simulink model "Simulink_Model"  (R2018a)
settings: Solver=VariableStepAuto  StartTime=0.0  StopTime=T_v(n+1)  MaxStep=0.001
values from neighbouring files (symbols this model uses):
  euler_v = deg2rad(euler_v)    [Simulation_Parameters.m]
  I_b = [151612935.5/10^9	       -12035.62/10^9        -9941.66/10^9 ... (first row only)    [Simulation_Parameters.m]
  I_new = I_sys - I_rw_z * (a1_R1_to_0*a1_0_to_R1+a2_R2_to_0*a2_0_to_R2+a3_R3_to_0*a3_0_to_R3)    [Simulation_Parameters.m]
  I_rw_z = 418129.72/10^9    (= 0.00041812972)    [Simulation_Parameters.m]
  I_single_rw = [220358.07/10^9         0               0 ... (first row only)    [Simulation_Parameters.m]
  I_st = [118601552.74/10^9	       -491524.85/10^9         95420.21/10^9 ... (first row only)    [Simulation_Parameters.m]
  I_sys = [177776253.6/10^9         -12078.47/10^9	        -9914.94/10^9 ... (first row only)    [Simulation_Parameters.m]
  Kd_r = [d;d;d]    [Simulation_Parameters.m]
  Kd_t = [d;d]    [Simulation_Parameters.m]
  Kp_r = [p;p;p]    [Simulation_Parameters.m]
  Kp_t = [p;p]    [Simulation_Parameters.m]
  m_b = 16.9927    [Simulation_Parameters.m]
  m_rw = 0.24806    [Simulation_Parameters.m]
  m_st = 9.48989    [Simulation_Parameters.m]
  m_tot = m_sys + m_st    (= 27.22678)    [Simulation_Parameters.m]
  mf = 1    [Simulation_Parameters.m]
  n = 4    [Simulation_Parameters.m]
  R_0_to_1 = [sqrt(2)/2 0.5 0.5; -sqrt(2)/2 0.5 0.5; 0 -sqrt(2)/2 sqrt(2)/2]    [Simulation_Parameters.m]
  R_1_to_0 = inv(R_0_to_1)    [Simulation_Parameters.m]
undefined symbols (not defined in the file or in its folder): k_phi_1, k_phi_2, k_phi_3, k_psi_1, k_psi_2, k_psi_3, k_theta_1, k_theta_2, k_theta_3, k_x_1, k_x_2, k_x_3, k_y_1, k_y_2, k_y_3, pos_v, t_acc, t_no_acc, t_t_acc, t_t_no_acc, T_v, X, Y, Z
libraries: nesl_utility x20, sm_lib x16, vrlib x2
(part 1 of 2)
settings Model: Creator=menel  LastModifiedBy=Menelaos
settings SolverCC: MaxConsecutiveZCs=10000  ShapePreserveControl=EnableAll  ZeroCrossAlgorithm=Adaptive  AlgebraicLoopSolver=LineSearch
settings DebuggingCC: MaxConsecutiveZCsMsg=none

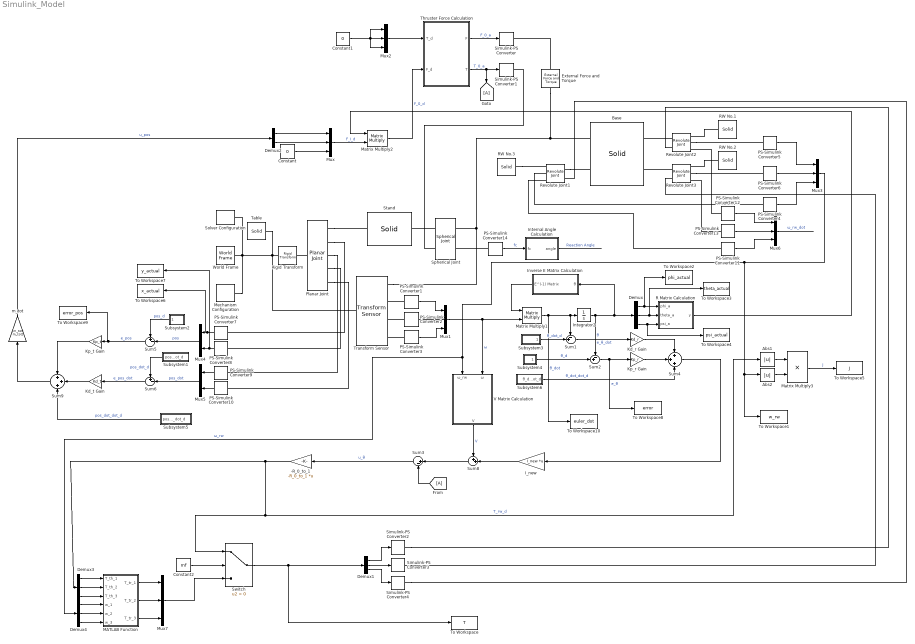
== system Simulink_Model ==
  -R_0_to_1 : Gain  Gain=-R_0_to_1  Multiplication=Matrix(K*u) (u vector)
  Abs1 : Abs
  Abs2 : Abs
  Base : sm_lib/Body Elements/Solid  InertiaType=Custom  Mass=m_b  MassUnits=kg  CenterOfMass=COM_b  CenterOfMassUnits=m  MomentsOfInertia=[I_b(1,1) I_b(2,2) I_b(3,3)]  MomentsOfInertiaUnits=kg*m^2  ProductsOfInertia=[I_b(2,3) I_b(1,3) I_b(2,1)]  ProductsOfInertiaUnits=kg*m^2  DensityBased=off  Density=1000  DensityUnits=kg/m^3  DoExposeReferenceFrame=on  SerializedFrames=<Frames><Frame><Id>Frame1</Id><Value><Name>wheel 1</Name><Origin><Source>GeometricFeature</Source><FeatureName>planar surface 30</FeatureName></Origin><PrimaryAxis><DefinedDirection>+Z</DefinedDirection><Source>GeometricFeature</Source><SourceDirection>+Z</SourceDirection><FeatureName>planar surface 30</FeatureName></PrimaryAxis><SecondaryAxis><DefinedDirection>+X</DefinedDirection><Source>ReferenceFrame</Source><SourceDirection>+X</SourceDirection><FeatureName></FeatureName></SecondaryAxis></Value></Frame><Frame><Id>Frame2</Id><Value><Name>wheel 2</Name><Origin><Source>GeometricFeature</Source><FeatureName>planar surface 29</FeatureName></Origin><PrimaryAxis><DefinedDirection>+Z</DefinedDirection><Source>GeometricFeature</Source><SourceDirection>+Z</SourceDirection><FeatureName>planar surface 29</FeatureName></PrimaryAxis><SecondaryAxis><DefinedDirection>+X</DefinedDirection><Source>ReferenceFrame</Source><SourceDirection>+X</SourceDirection><FeatureName></FeatureName></SecondaryAxis></Value></Frame><Frame><Id>Frame3</Id><Value><Name>wheel 3</Name><Origin><Source>GeometricFeature</Source><FeatureName>planar surface 31</FeatureName></Origin><PrimaryAxis><DefinedDirection>+Z</DefinedDirection><Source>GeometricFeature</Source><SourceDirection>+Z</SourceDirection><FeatureName>planar surface 31</FeatureName></PrimaryAxis><SecondaryAxis><DefinedDirection>+X</DefinedDirection><Source>ReferenceFrame</Source><SourceDirection>+X</SourceDirection><FeatureName></FeatureName></SecondaryAxis></Value></Frame></Frames>  GraphicType=FromGeometry  MarkerShape=Sphere  MarkerSize=10  GraphicVisPropType=SimpleVisualProperties  GraphicDiffuseColor=[0.6 0.6 1.0]  GraphicSpecularColor=[0.5 0.5 0.5 1.0]  GraphicAmbientColor=[0.15 0.15 0.15 1.0]  GraphicEmissiveColor=[0.0 0.0 0.0 1.0]  GraphicShininess=75  GraphicOpacity=1.0  GeometryShape=FromFile  RectangleSize=[1 1]  RectangleSizeUnits=m  BrickDimensions=[1 1 1]  BrickDimensionUnits=m  CylinderRadius=1  CylinderRadiusUnits=m  CylinderLength=1  CylinderLengthUnits=m  SphereRadius=1  SphereRadiusUnits=m  EllipsoidRadii=[1 1 1]  EllipsoidRadiiUnits=m  ExtrusionCrossSection=[1 1; -1 1; -1 -1; 1 -1]  ExtrusionCrossSectionUnits=m  ExtrusionLength=1  ExtrusionLengthUnits=m  PolygonNumSides=3  PolygonOuterRadius=1  PolygonOuterRadiusUnits=m  ExtGeomFileType=STEP  ExtGeomFileName=D:\School\Διπλωματική\Final_Delivery\Motion_and_Rotation_Simulation\Base.STEP  ExtGeomFileUnits=m  RevolutionCrossSection=[1 1; 1 -1; 2 -1; 2 1]  RevolutionCrossSectionUnits=m  RevolutionExtent=Full  RevolutionAngle=180  RevolutionAngleUnits=deg
  Constant : Constant  Value=0
  Constant1 : Constant  Value=0
  Constant2 : Constant  Value=mf
  Demux{,1,3..4} (4 alike) : Demux  Outputs=3
  Demux2 : Demux  Outputs=2
  External Force and Torque : sm_lib/Forces and Torques/External Force and Torque  ForceResolutionFrame=AttachedFrame  EnableForceX=off  EnableForceY=off  EnableForceZ=off  EnableForce=on  TorqueResolutionFrame=AttachedFrame  EnableTorqueX=off  EnableTorqueY=off  EnableTorqueZ=off  EnableTorque=off
  I_new : Gain  Gain=I_new  Multiplication=Matrix(K*u) (u vector)
  Integrator2 : Integrator
  Internal Angle Calculation : MATLAB Function  TreatAsAtomicUnit=on
  Inverse E Matrix Calculation : Subsystem
  Kd_r Gain : Gain  Gain=Kd_r
  Kd_t Gain : Gain  Gain=Kd_t
  Kp_r Gain : Gain  Gain=Kp_r
  Kp_t Gain : Gain  Gain=Kp_t
  MATLAB Function : MATLAB Function  TreatAsAtomicUnit=on
  Matrix Multiply1 : Product  Multiplication=Matrix(*)
  Matrix Multiply2 : Product  Multiplication=Matrix(*)
  Matrix Multiply3 : Product
  Mechanism Configuration : sm_lib/Utilities/Mechanism Configuration  UniformGravity=Constant  GravityVector=[0 0 0]  GravityUnits=m/s^2  LinearizationDelta=0.001
  Mux{,1..3,6..7} (6 alike) : Mux  Inputs=3
  Mux4 : Mux  Inputs=2
  Mux5 : Mux  Inputs=2
  PS-Simulink Converter{1..3,7..13} (10 alike) : nesl_utility/PS-Simulink Converter  PhysicalDomain=network_engine_domain  SubClassName=ps_output  LeftPortType=input  RightPortType=output  PseudoPeriodic=off  Frequencies=[]  Unit=1  AffineConversion=off
  PS-Simulink Converter14 : nesl_utility/PS-Simulink Converter  PhysicalDomain=network_engine_domain  SubClassName=ps_output  LeftPortType=input  RightPortType=output  PseudoPeriodic=off  Frequencies=[]  Unit=N  AffineConversion=off
  PS-Simulink Converter4 : nesl_utility/PS-Simulink Converter  PhysicalDomain=network_engine_domain  SubClassName=ps_output  LeftPortType=input  RightPortType=output  PseudoPeriodic=off  Frequencies=[]  Unit=rad/s  AffineConversion=off
  PS-Simulink Converter5 : nesl_utility/PS-Simulink Converter  PhysicalDomain=network_engine_domain  SubClassName=ps_output  LeftPortType=input  RightPortType=output  PseudoPeriodic=off  Frequencies=[]  Unit=rad/s  AffineConversion=off
  PS-Simulink Converter6 : nesl_utility/PS-Simulink Converter  PhysicalDomain=network_engine_domain  SubClassName=ps_output  LeftPortType=input  RightPortType=output  PseudoPeriodic=off  Frequencies=[]  Unit=rad/s  AffineConversion=off
  Planar Joint : sm_lib/Joints/Planar Joint  SenseConstraintForce=off  SenseConstraintForceX=off  SenseConstraintForceY=off  SenseConstraintForceZ=off  SenseConstraintTorque=off  SenseConstraintTorqueX=off  SenseConstraintTorqueY=off  SenseConstraintTorqueZ=off  SenseTotalForce=off  SenseTotalForceX=off  SenseTotalForceY=off  SenseTotalForceZ=off  SenseTotalTorque=off  SenseTotalTorqueX=off  SenseTotalTorqueY=off  SenseTotalTorqueZ=off  CompositeWrenchDir=FollowerOnBase  CompositeWrenchFrame=BaseFrame  PxEquilibriumPosition=0  PxEquilibriumPositionUnits=m  PxSpringStiffness=0  PxSpringStiffnessUnits=N/m  PxDampingCoefficient=0  PxDampingCoefficientUnits=N/(m/s)  PxTorqueActuationMode=NoTorque  PxMotionActuationMode=ComputedMotion  PxSensePosition=on  PxSenseVelocity=on  PxSenseAcceleration=off  PxSenseTorqueForce=off  PxPositionTargetSpecify=off  PxPositionTargetPriority=High  PxPositionTargetValue=0  PxPositionTargetValueUnits=m  PxVelocityTargetSpecify=off  PxVelocityTargetPriority=High  PxVelocityTargetValue=0  PxVelocityTargetValueUnits=m/s  PyEquilibriumPosition=0  PyEquilibriumPositionUnits=m  PySpringStiffness=0  PySpringStiffnessUnits=N/m  PyDampingCoefficient=0  PyDampingCoefficientUnits=N/(m/s)  PyTorqueActuationMode=NoTorque  PyMotionActuationMode=ComputedMotion  PySensePosition=on  PySenseVelocity=on  PySenseAcceleration=off  PySenseTorqueForce=off  PyPositionTargetSpecify=off  PyPositionTargetPriority=High  PyPositionTargetValue=0  PyPositionTargetValueUnits=m  PyVelocityTargetSpecify=off  PyVelocityTargetPriority=High  PyVelocityTargetValue=0  PyVelocityTargetValueUnits=m/s  RzEquilibriumPosition=0  RzEquilibriumPositionUnits=deg  RzSpringStiffness=100  RzSpringStiffnessUnits=N*m/deg  RzDampingCoefficient=100  RzDampingCoefficientUnits=N*m/(deg/s)  RzTorqueActuationMode=NoTorque  RzMotionActuationMode=ComputedMotion  RzSensePosition=off  RzSenseVelocity=off  RzSenseAcceleration=off  RzSenseTorqueForce=off  RzPositionTargetSpecify=off  RzPositionTargetPriority=High  RzPositionTargetValue=0  RzPositionTargetValueUnits=deg  RzVelocityTargetSpecify=off  RzVelocityTargetPriority=High  RzVelocityTargetValue=0  RzVelocityTargetValueUnits=deg/s
  R Matrix Calculation : MATLAB Function  TreatAsAtomicUnit=on
  RW No.1 : sm_lib/Body Elements/Solid  InertiaType=Custom  Mass=m_rw  MassUnits=kg  CenterOfMass=COM_rw  CenterOfMassUnits=m  MomentsOfInertia=[I_single_rw(1,1) I_single_rw(2,2) I_single_rw(3,3)]  MomentsOfInertiaUnits=kg*m^2  ProductsOfInertia=[I_single_rw(2,3) I_single_rw(1,3) I_single_rw(2,1)]  ProductsOfInertiaUnits=kg*m^2  DensityBased=off  Density=1000  DensityUnits=kg/m^3  DoExposeReferenceFrame=off  SerializedFrames=<Frames><Frame><Id>Frame1</Id><Value><Name>R</Name><Origin><Source>GeometricFeature</Source><FeatureName>planar surface 2</FeatureName></Origin><PrimaryAxis><DefinedDirection>+Z</DefinedDirection><Source>ReferenceFrame</Source><SourceDirection>+Z</SourceDirection><FeatureName></FeatureName></PrimaryAxis><SecondaryAxis><DefinedDirection>+X</DefinedDirection><Source>ReferenceFrame</Source><SourceDirection>+X</SourceDirection><FeatureName></FeatureName></SecondaryAxis></Value></Frame></Frames>  GraphicType=FromGeometry  MarkerShape=Sphere  MarkerSize=10  GraphicVisPropType=SimpleVisualProperties  GraphicDiffuseColor=[1.0 0.2 0.2]  GraphicSpecularColor=[0.5 0.5 0.5 1.0]  GraphicAmbientColor=[0.15 0.15 0.15 1.0]  GraphicEmissiveColor=[0.0 0.0 0.0 1.0]  GraphicShininess=75  GraphicOpacity=1.0  GeometryShape=FromFile  RectangleSize=[1 1]  RectangleSizeUnits=m  BrickDimensions=[1 1 1]  BrickDimensionUnits=m  CylinderRadius=1  CylinderRadiusUnits=m  CylinderLength=1  CylinderLengthUnits=m  SphereRadius=1  SphereRadiusUnits=m  EllipsoidRadii=[1 1 1]  EllipsoidRadiiUnits=m  ExtrusionCrossSection=[1 1; -1 1; -1 -1; 1 -1]  ExtrusionCrossSectionUnits=m  ExtrusionLength=1  ExtrusionLengthUnits=m  PolygonNumSides=3  PolygonOuterRadius=1  PolygonOuterRadiusUnits=m  ExtGeomFileType=STEP  ExtGeomFileName=D:\School\Διπλωματική\Final_Delivery\Motion_and_Rotation_Simulation\Reaction_Wheel.STEP  ExtGeomFileUnits=m  RevolutionCrossSection=[1 1; 1 -1; 2 -1; 2 1]  RevolutionCrossSectionUnits=m  RevolutionExtent=Full  RevolutionAngle=180  RevolutionAngleUnits=deg
  RW No.2 : sm_lib/Body Elements/Solid  InertiaType=Custom  Mass=m_rw  MassUnits=kg  CenterOfMass=COM_rw  CenterOfMassUnits=m  MomentsOfInertia=[I_single_rw(1,1) I_single_rw(2,2) I_single_rw(3,3)]  MomentsOfInertiaUnits=kg*m^2  ProductsOfInertia=[I_single_rw(2,3) I_single_rw(1,3) I_single_rw(2,1)]  ProductsOfInertiaUnits=kg*m^2  DensityBased=off  Density=1000  DensityUnits=kg/m^3  DoExposeReferenceFrame=off  SerializedFrames=<Frames><Frame><Id>Frame1</Id><Value><Name>R</Name><Origin><Source>GeometricFeature</Source><FeatureName>planar surface 2</FeatureName></Origin><PrimaryAxis><DefinedDirection>+Z</DefinedDirection><Source>ReferenceFrame</Source><SourceDirection>+Z</SourceDirection><FeatureName></FeatureName></PrimaryAxis><SecondaryAxis><DefinedDirection>+X</DefinedDirection><Source>ReferenceFrame</Source><SourceDirection>+X</SourceDirection><FeatureName></FeatureName></SecondaryAxis></Value></Frame></Frames>  GraphicType=FromGeometry  MarkerShape=Sphere  MarkerSize=10  GraphicVisPropType=SimpleVisualProperties  GraphicDiffuseColor=[1.0 0.2 0.2]  GraphicSpecularColor=[0.5 0.5 0.5 1.0]  GraphicAmbientColor=[0.15 0.15 0.15 1.0]  GraphicEmissiveColor=[0.0 0.0 0.0 1.0]  GraphicShininess=75  GraphicOpacity=1.0  GeometryShape=FromFile  RectangleSize=[1 1]  RectangleSizeUnits=m  BrickDimensions=[1 1 1]  BrickDimensionUnits=m  CylinderRadius=1  CylinderRadiusUnits=m  CylinderLength=1  CylinderLengthUnits=m  SphereRadius=1  SphereRadiusUnits=m  EllipsoidRadii=[1 1 1]  EllipsoidRadiiUnits=m  ExtrusionCrossSection=[1 1; -1 1; -1 -1; 1 -1]  ExtrusionCrossSectionUnits=m  ExtrusionLength=1  ExtrusionLengthUnits=m  PolygonNumSides=3  PolygonOuterRadius=1  PolygonOuterRadiusUnits=m  ExtGeomFileType=STEP  ExtGeomFileName=D:\School\Διπλωματική\Final_Delivery\Motion_and_Rotation_Simulation\Reaction_Wheel.STEP  ExtGeomFileUnits=m  RevolutionCrossSection=[1 1; 1 -1; 2 -1; 2 1]  RevolutionCrossSectionUnits=m  RevolutionExtent=Full  RevolutionAngle=180  RevolutionAngleUnits=deg
  RW No.3 : sm_lib/Body Elements/Solid  InertiaType=Custom  Mass=m_rw  MassUnits=kg  CenterOfMass=COM_rw  CenterOfMassUnits=m  MomentsOfInertia=[I_single_rw(1,1) I_single_rw(2,2) I_single_rw(3,3)]  MomentsOfInertiaUnits=kg*m^2  ProductsOfInertia=[I_single_rw(2,3) I_single_rw(1,3) I_single_rw(2,1)]  ProductsOfInertiaUnits=kg*m^2  DensityBased=off  Density=1000  DensityUnits=kg/m^3  DoExposeReferenceFrame=off  SerializedFrames=<Frames><Frame><Id>Frame1</Id><Value><Name>R</Name><Origin><Source>GeometricFeature</Source><FeatureName>planar surface 2</FeatureName></Origin><PrimaryAxis><DefinedDirection>+Z</DefinedDirection><Source>ReferenceFrame</Source><SourceDirection>+Z</SourceDirection><FeatureName></FeatureName></PrimaryAxis><SecondaryAxis><DefinedDirection>+X</DefinedDirection><Source>ReferenceFrame</Source><SourceDirection>+X</SourceDirection><FeatureName></FeatureName></SecondaryAxis></Value></Frame></Frames>  GraphicType=FromGeometry  MarkerShape=Sphere  MarkerSize=10  GraphicVisPropType=SimpleVisualProperties  GraphicDiffuseColor=[1.0 0.2 0.2]  GraphicSpecularColor=[0.5 0.5 0.5 1.0]  GraphicAmbientColor=[0.15 0.15 0.15 1.0]  GraphicEmissiveColor=[0.0 0.0 0.0 1.0]  GraphicShininess=75  GraphicOpacity=1.0  GeometryShape=FromFile  RectangleSize=[1 1]  RectangleSizeUnits=m  BrickDimensions=[1 1 1]  BrickDimensionUnits=m  CylinderRadius=1  CylinderRadiusUnits=m  CylinderLength=1  CylinderLengthUnits=m  SphereRadius=1  SphereRadiusUnits=m  EllipsoidRadii=[1 1 1]  EllipsoidRadiiUnits=m  ExtrusionCrossSection=[1 1; -1 1; -1 -1; 1 -1]  ExtrusionCrossSectionUnits=m  ExtrusionLength=1  ExtrusionLengthUnits=m  PolygonNumSides=3  PolygonOuterRadius=1  PolygonOuterRadiusUnits=m  ExtGeomFileType=STEP  ExtGeomFileName=D:\School\Διπλωματική\Final_Delivery\Motion_and_Rotation_Simulation\Reaction_Wheel.STEP  ExtGeomFileUnits=m  RevolutionCrossSection=[1 1; 1 -1; 2 -1; 2 1]  RevolutionCrossSectionUnits=m  RevolutionExtent=Full  RevolutionAngle=180  RevolutionAngleUnits=deg
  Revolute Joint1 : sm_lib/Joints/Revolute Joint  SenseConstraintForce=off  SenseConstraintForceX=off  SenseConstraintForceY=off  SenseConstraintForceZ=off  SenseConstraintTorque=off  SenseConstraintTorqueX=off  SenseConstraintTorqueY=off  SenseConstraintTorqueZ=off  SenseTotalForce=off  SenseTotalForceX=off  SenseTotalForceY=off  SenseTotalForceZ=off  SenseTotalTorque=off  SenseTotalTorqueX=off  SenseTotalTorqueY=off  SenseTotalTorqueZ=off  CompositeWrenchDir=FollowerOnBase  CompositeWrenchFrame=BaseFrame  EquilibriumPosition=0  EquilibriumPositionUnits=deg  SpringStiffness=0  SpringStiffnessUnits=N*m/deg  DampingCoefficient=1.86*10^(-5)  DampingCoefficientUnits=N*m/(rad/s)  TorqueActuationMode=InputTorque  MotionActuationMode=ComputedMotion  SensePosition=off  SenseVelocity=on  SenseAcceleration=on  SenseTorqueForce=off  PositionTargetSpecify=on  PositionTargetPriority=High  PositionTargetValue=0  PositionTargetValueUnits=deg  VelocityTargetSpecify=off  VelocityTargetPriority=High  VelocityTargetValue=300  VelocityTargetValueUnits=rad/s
....
*Your assignment*.
Looking at the records above, return exactly the lines from the line with "PS-Simulink Converter14 : nesl_utility/PS-Simulink" to the line with "PS-Simulink Converter5 : nesl_utility/PS-Simulink", both ends included.

*Response to the exercise*.
  PS-Simulink Converter14 : nesl_utility/PS-Simulink Converter  PhysicalDomain=network_engine_domain  SubClassName=ps_output  LeftPortType=input  RightPortType=output  PseudoPeriodic=off  Frequencies=[]  Unit=N  AffineConversion=off
  PS-Simulink Converter4 : nesl_utility/PS-Simulink Converter  PhysicalDomain=network_engine_domain  SubClassName=ps_output  LeftPortType=input  RightPortType=output  PseudoPeriodic=off  Frequencies=[]  Unit=rad/s  AffineConversion=off
  PS-Simulink Converter5 : nesl_utility/PS-Simulink Converter  PhysicalDomain=network_engine_domain  SubClassName=ps_output  LeftPortType=input  RightPortType=output  PseudoPeriodic=off  Frequencies=[]  Unit=rad/s  AffineConversion=off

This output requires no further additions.